Thursday, October 29

masklessness

I stepped out of my old blue car today without my blue cloth facemask on.

the sheer normality of doing such a thing... that normality and all the long-ago memories that come with it all try (and fail) to drown out the thin jolt of not-quite-panic about almost forgetting. it's not quite panic. nothing to panic about. just a deadly contagious respiratory disease, potentially lurking about in the ghostly residue of everyone's breath.

the almost forgetting has only happened one other time. it's usually easy to attend to these rules. face coverings are required at all times on campus. face coverings are incessantly encouraged at the grocery store. and all other stores. 

I only neglected it momentarily, only twice, and nobody noticed, anyway. I just have to duck back into the car, snatch the mask from the dashboard, and wrangle it around my lower face before I walk through the sunny parking lot to shop or to teach, and it's fine.

it's fine. 

this is normal now-- masks all the time.

my primary mask is blue paisley print.

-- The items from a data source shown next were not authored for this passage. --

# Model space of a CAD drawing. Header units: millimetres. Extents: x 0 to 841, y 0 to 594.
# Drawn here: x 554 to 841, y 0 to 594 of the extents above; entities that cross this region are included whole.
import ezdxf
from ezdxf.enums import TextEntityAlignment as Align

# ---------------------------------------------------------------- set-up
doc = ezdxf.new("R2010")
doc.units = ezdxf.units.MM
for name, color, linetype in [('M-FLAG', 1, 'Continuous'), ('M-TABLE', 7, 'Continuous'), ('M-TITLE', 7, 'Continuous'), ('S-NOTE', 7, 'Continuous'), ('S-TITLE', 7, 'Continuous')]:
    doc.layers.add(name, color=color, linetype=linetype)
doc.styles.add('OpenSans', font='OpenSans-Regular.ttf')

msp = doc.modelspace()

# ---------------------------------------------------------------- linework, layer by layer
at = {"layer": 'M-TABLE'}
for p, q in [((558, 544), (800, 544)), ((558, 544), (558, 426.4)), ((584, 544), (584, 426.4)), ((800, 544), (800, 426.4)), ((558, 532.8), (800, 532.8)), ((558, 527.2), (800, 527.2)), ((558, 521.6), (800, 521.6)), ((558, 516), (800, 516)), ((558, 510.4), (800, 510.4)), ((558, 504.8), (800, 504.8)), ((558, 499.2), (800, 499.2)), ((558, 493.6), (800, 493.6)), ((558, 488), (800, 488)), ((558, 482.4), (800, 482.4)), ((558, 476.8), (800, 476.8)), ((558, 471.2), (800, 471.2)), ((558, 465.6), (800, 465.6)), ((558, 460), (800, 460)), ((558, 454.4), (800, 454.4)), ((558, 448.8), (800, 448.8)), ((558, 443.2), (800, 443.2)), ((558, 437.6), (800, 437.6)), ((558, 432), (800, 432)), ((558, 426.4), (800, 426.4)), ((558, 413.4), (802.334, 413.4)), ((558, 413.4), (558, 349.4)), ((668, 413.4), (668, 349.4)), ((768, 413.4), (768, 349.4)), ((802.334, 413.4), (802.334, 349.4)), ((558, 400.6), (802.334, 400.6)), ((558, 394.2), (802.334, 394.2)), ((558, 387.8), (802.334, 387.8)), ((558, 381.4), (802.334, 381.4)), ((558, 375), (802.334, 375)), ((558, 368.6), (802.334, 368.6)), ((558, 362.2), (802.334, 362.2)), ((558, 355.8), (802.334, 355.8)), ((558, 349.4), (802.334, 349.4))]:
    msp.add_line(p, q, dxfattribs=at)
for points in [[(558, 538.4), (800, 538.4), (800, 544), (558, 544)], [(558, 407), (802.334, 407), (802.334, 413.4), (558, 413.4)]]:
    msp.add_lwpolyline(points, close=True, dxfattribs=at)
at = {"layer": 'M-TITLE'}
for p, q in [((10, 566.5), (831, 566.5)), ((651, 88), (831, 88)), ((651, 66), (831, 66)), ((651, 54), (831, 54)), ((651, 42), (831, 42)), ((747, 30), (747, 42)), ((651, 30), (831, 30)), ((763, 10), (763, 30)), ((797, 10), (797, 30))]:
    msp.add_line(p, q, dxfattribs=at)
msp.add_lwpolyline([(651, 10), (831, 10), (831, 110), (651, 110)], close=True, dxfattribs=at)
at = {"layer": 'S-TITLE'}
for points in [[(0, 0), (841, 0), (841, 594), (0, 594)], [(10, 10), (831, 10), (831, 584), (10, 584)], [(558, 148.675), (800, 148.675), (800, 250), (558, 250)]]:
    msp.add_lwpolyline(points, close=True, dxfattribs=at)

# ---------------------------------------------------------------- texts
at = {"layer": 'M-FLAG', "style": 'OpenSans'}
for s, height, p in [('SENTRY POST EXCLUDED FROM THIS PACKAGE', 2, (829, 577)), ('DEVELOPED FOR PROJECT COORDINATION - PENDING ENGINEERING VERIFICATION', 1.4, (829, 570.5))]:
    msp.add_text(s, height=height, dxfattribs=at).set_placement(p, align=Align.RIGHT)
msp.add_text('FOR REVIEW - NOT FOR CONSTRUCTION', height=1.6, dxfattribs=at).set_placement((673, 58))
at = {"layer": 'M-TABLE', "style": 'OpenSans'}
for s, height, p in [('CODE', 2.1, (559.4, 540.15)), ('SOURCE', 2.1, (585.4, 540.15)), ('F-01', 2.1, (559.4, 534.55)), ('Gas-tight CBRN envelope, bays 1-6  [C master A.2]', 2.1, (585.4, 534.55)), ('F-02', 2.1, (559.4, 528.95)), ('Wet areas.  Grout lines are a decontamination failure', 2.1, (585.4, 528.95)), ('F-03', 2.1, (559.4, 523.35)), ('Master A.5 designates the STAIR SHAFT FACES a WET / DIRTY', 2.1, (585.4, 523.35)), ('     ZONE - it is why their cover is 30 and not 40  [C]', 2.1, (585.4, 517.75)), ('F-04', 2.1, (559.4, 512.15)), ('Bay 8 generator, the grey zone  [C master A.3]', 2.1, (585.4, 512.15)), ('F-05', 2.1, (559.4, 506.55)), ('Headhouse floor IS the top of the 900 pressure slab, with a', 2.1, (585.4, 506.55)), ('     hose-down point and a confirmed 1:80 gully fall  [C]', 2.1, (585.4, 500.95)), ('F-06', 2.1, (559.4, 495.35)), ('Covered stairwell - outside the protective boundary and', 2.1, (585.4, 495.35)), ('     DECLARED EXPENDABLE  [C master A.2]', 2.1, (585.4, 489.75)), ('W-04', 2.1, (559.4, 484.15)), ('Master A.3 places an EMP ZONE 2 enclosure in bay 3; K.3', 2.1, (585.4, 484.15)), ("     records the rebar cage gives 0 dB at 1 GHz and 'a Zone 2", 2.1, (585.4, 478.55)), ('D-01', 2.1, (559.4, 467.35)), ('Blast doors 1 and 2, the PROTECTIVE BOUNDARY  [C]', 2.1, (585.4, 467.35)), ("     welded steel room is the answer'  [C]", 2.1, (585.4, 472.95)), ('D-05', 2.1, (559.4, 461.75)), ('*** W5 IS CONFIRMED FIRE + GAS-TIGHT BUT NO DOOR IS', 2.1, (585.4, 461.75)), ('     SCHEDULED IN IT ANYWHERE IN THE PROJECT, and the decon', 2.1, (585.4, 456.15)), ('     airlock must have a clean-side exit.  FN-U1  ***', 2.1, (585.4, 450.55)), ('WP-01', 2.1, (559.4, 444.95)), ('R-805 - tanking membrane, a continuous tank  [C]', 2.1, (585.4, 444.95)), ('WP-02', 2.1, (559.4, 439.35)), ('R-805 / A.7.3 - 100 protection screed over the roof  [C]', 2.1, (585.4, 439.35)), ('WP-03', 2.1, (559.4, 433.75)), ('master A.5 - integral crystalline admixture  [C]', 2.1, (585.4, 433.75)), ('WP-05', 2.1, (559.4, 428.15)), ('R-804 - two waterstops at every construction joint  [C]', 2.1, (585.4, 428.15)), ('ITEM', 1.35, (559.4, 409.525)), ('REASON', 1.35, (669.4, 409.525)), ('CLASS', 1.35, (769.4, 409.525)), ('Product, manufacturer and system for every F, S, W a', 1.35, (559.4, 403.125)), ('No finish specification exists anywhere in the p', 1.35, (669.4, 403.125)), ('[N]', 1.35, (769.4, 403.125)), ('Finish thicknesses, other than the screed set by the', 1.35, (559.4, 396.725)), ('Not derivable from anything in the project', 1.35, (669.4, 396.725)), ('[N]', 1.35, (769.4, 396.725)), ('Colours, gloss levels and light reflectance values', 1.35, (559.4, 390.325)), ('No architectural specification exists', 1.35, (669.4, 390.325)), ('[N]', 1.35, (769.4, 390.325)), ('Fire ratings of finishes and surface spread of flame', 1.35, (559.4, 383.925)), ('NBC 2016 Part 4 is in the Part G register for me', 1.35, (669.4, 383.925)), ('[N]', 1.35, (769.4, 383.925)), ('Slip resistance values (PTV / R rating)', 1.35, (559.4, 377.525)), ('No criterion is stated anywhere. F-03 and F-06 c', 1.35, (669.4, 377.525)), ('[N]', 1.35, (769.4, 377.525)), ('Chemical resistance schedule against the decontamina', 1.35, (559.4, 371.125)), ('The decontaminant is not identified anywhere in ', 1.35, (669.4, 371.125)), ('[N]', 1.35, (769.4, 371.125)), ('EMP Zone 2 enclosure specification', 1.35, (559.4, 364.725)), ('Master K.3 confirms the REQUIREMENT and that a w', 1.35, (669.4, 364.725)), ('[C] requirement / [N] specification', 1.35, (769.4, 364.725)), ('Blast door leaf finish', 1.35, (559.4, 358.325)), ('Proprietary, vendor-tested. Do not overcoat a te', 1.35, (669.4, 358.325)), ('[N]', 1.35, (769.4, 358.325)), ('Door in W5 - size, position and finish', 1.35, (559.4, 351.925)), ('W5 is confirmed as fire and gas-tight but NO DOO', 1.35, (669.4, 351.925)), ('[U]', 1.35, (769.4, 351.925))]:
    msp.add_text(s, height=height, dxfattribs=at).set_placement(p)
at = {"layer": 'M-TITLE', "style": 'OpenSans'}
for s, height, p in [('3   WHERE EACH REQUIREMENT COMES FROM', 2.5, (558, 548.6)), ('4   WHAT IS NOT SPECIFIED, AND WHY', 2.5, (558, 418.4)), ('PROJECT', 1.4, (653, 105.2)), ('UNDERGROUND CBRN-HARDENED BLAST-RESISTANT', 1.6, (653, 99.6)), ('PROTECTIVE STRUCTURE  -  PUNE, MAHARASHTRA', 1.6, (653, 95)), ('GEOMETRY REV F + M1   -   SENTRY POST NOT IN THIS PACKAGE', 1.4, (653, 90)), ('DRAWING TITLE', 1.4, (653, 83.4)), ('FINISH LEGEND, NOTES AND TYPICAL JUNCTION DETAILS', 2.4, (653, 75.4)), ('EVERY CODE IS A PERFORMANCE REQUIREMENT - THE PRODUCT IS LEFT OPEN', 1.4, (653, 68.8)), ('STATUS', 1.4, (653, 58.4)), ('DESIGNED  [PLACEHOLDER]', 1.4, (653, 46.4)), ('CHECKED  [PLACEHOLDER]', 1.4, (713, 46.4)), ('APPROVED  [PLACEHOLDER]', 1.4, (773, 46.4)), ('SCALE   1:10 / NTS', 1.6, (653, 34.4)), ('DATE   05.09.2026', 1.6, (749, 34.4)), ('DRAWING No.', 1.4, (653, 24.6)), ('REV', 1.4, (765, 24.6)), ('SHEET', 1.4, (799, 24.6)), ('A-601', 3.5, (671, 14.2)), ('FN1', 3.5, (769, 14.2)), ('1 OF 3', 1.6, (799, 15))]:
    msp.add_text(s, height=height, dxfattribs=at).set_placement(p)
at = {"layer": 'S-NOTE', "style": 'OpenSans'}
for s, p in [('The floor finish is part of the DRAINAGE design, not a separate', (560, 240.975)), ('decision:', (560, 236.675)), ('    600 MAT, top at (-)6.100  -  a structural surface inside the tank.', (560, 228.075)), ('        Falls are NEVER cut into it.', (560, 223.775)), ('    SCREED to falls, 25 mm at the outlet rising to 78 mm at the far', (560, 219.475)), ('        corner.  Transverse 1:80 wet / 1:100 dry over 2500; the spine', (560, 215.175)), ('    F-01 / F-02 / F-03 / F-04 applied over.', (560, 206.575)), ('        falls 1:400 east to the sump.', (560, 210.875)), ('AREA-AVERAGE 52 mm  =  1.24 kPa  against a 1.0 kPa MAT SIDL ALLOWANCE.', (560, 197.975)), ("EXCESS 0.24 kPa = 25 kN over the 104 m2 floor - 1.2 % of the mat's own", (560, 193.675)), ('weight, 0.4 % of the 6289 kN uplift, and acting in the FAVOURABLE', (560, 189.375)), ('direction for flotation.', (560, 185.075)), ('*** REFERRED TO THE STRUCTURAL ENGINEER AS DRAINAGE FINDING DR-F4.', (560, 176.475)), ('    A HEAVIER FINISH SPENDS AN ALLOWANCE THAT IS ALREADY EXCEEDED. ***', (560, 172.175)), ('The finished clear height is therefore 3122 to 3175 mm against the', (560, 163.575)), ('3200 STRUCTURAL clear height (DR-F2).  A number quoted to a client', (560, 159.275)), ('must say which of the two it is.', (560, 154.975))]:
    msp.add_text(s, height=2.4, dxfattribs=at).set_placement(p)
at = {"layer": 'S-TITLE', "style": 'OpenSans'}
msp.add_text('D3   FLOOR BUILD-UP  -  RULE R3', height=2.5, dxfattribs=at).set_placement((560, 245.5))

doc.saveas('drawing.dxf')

I made a few for myself and Jeremiah out of an old spare pillowcase. his has elastic loops for the ears. mine has a stretchy string tie. 

maybe I should invest in some more fashionable mask options. maybe that would make it slightly more fun to wrap one around my face every time I venture out into any of the very few public places I ever go these days.

I can remove my face covering when I'm alone in my office (as I am in this photo showing off my new glasses), as long as the door is closed. 

on the rest of this quaint desert campus, I have not seen a single maskless soul since I was here in January for my job interview. 

...unless you count a student here or a student there who lets their ill-fitting mask droop a little. or a student here or there who is eating or drinking in class and removes their mask for a few minutes to do so. 

at the grocery store, most other shoppers wear masks too. the employees all do. all kinds of shapes and colors and designs. stripes. prints. slogans. solid-colored t-shirt fabric.

it would be creepier if they were government-issued, matching beige or navy or grey masks. if every face were obscured with the exact same shape and color of cloth.

wouldn't it be?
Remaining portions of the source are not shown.